# Alfalfa as a nectar source



## GageFamilyBeekeeping (Mar 10, 2011)

anyone put their bees on a large alfalfa field? How much honey did the hives produce?


----------



## jim lyon (Feb 19, 2006)

Alfalfa is a major nectar source though it requires first that it be allowed to bloom and secondly that there is enough heat (ideally 85+ degrees) for the plant to produce much nectar. In ideal conditions a strong hive may produce as much as 10 pounds a day. My experience is it yields best in hot dry years when the heat stress seems to trigger earlier bloom. More rainfall just results in a growthier plant. The honey quality is usually white to extra white but interestingly the color ranges into ELA when produced in higher elevations in western areas.


----------



## Rader Sidetrack (Nov 30, 2011)

> it requires first that it be allowed to bloom

This is greatly affected by the farmer's goal for the alfalfa field. If it is for _hay_, it may be cut before prime bloom time. If the crop is alfalfa _seed _then of course there should be lots of blooms.


----------



## jim lyon (Feb 19, 2006)

Rader Sidetrack said:


> > it requires first that it be allowed to bloom
> 
> If the crop is alfalfa _seed _then of course there should be lots of blooms.

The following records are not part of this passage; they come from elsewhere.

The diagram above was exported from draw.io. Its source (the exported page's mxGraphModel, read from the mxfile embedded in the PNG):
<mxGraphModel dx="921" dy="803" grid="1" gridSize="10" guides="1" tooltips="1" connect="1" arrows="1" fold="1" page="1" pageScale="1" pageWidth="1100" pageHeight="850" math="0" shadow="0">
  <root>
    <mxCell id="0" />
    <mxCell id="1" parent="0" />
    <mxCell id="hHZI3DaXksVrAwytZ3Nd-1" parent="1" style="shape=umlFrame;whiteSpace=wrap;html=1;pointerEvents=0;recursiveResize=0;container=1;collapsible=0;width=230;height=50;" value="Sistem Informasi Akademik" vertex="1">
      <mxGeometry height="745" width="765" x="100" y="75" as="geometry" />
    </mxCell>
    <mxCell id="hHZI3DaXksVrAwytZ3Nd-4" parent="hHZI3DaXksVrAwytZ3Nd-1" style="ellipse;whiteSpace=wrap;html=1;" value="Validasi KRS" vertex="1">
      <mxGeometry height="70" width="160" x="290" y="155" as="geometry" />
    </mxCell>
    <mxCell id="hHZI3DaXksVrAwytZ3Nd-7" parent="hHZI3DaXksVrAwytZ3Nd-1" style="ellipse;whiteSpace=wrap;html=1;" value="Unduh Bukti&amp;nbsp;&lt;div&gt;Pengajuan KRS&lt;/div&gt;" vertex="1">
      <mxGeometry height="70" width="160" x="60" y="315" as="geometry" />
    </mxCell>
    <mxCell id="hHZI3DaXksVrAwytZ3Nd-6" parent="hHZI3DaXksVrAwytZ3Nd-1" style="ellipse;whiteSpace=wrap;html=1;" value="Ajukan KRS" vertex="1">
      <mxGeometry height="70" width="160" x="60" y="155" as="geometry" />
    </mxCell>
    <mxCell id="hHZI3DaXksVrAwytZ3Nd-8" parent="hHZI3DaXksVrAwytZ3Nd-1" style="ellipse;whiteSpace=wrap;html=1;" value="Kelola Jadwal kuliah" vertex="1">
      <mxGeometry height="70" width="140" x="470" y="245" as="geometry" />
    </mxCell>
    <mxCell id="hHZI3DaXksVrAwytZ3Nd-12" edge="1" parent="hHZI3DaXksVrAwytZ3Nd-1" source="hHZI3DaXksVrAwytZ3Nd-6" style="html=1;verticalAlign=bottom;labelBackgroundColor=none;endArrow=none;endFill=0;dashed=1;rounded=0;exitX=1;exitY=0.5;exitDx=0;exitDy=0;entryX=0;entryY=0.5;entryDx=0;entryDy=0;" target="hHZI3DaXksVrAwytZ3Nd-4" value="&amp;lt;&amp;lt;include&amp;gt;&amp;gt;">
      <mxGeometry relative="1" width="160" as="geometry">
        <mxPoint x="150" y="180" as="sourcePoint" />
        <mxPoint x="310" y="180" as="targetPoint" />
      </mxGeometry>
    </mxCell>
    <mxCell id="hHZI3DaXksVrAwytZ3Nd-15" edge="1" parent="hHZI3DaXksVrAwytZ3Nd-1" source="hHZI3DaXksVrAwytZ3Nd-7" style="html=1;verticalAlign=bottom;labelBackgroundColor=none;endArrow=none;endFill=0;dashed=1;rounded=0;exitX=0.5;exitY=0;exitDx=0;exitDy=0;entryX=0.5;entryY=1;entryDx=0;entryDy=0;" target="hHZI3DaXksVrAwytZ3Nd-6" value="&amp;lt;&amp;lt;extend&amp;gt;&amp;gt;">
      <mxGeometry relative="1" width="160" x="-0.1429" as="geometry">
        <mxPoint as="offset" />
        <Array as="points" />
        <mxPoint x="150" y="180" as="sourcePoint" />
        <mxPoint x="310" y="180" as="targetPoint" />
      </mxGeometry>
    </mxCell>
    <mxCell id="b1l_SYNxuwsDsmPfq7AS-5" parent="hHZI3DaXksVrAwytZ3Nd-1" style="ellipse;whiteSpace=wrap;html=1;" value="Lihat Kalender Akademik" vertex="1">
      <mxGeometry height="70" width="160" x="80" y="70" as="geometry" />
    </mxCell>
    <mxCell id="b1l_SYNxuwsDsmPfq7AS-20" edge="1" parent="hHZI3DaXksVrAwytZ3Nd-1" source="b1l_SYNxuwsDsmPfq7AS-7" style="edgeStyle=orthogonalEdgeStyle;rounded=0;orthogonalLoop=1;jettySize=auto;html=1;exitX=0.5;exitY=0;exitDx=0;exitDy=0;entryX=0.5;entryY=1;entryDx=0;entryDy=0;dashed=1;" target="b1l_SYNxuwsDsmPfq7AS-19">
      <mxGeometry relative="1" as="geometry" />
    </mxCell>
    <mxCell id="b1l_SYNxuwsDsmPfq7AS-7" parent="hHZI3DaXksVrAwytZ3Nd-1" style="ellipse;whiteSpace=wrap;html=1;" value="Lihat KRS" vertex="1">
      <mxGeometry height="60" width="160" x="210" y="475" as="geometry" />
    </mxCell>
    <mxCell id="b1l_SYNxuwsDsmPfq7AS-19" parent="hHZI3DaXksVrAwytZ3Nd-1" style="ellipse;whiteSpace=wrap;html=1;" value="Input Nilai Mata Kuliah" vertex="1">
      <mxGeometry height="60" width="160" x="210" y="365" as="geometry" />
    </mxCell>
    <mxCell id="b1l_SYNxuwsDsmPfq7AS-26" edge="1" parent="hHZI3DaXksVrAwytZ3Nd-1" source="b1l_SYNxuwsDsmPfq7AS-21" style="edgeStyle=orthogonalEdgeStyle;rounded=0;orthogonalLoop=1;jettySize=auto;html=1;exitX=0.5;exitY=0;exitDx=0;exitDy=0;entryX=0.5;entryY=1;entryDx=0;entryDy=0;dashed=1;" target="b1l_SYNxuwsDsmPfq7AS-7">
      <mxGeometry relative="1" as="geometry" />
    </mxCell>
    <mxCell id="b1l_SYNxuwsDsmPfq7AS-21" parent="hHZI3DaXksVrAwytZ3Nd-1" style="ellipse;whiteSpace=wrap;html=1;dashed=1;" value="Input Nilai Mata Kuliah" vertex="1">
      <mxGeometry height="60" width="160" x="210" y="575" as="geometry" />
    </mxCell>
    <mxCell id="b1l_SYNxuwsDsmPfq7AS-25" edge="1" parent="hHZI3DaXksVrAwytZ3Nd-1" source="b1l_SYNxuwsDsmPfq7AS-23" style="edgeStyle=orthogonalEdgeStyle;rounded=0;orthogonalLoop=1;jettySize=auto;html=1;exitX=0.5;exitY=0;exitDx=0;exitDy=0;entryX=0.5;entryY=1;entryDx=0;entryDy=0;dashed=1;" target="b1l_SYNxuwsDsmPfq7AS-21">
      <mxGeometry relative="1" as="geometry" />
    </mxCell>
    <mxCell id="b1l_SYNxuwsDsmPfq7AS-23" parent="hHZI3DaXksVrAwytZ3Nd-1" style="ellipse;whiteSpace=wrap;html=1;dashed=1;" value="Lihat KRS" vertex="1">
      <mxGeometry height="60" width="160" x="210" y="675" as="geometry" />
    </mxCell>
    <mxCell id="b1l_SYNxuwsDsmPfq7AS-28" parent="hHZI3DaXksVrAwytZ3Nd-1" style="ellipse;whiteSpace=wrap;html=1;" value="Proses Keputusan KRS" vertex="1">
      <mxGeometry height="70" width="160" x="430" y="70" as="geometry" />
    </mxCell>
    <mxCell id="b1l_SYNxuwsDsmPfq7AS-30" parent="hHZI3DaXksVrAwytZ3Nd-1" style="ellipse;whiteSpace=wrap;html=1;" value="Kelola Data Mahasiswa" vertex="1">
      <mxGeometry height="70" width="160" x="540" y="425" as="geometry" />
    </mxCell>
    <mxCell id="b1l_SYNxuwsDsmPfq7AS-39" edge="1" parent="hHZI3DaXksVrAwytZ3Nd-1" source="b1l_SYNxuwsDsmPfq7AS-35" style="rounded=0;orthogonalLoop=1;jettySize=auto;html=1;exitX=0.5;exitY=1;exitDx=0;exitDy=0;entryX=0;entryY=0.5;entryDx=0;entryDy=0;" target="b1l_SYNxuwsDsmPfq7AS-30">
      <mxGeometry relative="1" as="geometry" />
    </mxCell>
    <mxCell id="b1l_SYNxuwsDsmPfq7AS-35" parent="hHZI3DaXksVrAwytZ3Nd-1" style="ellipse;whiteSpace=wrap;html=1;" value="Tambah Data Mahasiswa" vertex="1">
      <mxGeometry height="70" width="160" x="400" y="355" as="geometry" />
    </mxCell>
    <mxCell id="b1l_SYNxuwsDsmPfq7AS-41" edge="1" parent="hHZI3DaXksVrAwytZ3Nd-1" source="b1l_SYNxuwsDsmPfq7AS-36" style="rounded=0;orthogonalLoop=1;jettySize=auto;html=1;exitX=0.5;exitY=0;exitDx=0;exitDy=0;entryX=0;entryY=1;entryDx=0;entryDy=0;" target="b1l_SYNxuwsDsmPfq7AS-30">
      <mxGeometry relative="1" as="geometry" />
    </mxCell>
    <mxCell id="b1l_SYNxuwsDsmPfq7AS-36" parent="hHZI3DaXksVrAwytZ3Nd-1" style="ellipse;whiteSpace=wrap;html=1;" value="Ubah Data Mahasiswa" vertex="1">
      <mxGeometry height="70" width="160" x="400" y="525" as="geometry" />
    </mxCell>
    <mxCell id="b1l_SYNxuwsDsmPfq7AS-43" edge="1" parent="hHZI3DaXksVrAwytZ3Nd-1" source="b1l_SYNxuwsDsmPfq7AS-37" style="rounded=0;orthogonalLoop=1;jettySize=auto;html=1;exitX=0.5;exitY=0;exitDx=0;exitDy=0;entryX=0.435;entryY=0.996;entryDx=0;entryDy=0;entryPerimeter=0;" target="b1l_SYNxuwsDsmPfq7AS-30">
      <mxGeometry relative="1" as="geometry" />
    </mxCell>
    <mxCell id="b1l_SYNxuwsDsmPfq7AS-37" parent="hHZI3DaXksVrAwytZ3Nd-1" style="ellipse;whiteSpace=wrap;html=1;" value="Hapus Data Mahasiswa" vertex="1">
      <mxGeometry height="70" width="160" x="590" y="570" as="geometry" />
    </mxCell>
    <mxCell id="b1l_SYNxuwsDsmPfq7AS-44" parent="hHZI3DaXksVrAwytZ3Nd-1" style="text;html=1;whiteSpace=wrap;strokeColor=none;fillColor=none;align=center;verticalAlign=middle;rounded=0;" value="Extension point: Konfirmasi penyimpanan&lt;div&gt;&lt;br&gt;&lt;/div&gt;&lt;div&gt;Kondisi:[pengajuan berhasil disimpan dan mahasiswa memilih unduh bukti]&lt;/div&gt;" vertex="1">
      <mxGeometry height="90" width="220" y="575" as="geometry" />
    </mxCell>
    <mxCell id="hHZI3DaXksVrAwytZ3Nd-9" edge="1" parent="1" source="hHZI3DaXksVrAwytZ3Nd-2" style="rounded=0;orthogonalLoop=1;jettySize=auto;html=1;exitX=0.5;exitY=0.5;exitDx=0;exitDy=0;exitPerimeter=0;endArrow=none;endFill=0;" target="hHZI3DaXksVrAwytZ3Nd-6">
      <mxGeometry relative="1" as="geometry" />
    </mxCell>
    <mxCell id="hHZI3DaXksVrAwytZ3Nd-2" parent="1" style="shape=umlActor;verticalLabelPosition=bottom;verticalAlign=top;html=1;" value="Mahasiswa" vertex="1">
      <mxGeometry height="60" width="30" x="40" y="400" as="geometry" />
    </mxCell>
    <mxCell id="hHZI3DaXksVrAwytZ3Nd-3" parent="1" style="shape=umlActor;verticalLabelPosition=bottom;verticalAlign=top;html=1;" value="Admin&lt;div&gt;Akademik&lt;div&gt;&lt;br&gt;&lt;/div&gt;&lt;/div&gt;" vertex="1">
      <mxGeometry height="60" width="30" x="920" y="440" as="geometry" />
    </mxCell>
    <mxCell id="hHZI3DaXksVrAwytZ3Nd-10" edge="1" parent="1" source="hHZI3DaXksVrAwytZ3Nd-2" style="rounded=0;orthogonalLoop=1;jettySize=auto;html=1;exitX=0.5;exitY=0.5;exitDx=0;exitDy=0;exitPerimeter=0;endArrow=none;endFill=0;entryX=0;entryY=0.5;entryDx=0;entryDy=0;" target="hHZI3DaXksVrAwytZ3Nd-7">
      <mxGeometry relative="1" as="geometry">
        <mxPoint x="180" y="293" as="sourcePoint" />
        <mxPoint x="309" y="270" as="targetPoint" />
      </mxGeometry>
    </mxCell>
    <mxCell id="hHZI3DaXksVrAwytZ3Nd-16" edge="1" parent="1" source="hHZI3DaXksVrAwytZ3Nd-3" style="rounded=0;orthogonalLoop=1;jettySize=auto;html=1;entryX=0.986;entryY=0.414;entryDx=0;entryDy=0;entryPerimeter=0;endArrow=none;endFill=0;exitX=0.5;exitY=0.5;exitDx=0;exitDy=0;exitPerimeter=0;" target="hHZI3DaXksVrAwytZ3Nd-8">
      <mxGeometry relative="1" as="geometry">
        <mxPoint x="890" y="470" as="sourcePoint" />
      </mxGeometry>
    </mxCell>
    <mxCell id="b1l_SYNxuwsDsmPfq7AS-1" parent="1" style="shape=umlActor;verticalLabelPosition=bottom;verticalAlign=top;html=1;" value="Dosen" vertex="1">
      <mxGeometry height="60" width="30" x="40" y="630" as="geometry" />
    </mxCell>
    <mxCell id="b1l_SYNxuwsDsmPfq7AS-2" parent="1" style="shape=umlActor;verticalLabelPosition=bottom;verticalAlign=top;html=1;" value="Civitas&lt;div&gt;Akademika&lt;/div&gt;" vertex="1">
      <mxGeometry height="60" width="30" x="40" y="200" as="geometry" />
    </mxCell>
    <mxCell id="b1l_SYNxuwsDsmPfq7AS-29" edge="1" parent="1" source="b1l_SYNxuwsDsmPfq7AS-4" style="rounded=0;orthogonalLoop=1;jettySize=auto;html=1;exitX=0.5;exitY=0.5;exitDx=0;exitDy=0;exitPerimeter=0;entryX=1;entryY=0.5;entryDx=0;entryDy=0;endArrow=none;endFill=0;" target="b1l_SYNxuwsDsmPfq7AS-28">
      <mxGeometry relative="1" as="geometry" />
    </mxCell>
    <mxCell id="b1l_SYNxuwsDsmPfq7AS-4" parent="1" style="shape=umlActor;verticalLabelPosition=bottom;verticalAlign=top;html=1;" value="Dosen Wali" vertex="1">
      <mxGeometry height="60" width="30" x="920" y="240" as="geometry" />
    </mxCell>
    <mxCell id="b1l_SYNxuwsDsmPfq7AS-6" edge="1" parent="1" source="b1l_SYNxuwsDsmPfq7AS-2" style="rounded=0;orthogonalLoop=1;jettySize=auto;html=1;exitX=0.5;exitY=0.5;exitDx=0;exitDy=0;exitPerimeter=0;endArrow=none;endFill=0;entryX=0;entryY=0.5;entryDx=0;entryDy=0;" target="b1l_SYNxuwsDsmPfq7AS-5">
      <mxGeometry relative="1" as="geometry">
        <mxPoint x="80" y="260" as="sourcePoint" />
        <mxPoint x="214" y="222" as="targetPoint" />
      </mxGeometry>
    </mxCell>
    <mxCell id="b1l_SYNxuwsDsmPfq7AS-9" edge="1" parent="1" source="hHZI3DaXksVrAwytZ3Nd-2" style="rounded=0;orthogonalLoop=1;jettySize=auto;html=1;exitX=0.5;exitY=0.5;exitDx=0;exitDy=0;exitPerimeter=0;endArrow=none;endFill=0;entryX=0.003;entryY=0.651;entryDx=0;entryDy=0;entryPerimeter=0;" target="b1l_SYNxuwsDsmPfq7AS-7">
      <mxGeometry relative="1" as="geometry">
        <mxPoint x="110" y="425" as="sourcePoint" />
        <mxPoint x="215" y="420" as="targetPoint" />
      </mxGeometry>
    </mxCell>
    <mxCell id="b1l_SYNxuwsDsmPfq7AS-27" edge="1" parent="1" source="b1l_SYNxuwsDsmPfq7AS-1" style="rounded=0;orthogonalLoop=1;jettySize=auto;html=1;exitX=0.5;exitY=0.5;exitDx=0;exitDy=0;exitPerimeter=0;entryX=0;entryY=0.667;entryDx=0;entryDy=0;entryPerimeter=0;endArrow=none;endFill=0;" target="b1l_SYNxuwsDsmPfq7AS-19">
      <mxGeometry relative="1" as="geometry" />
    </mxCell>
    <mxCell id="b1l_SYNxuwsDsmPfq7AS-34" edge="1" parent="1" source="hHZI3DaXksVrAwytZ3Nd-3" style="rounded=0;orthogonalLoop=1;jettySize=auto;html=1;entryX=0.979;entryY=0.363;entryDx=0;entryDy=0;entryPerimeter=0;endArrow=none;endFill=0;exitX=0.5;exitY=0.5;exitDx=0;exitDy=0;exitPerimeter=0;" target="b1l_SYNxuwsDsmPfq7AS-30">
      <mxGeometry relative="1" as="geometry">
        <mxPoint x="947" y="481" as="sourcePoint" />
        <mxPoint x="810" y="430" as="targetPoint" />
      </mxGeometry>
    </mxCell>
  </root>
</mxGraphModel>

....and also a greater danger of pesticides being used.


----------



## Paul McCarty (Mar 30, 2011)

I think the soil plays some part of it too. I don't think the sandy desert soil where I live induces a lot of nectar production, though there are quite a few alfalfa fields here.


----------



## Michael Bush (Aug 2, 2002)

Two big factors:

1) are there leaf cutter bees around (they pop the bloom so the bees don't get hit)
2) does the farmer cut it as soon as it blooms.


----------



## Jon B (Apr 24, 2013)

I place about half of my hives near alfalfa farms. Early in the summer most farmers like to cut the hay as soon as the blossoms appear. Later in the summer these farmers let it bloom longer. With this farming schedule the bees don't make much honey from the alfalfa in June, but do real well the second half of the summer. One thing you do need to watch out for is some farmers spray their alfalfa and others don't.


----------



## nomad (May 15, 2013)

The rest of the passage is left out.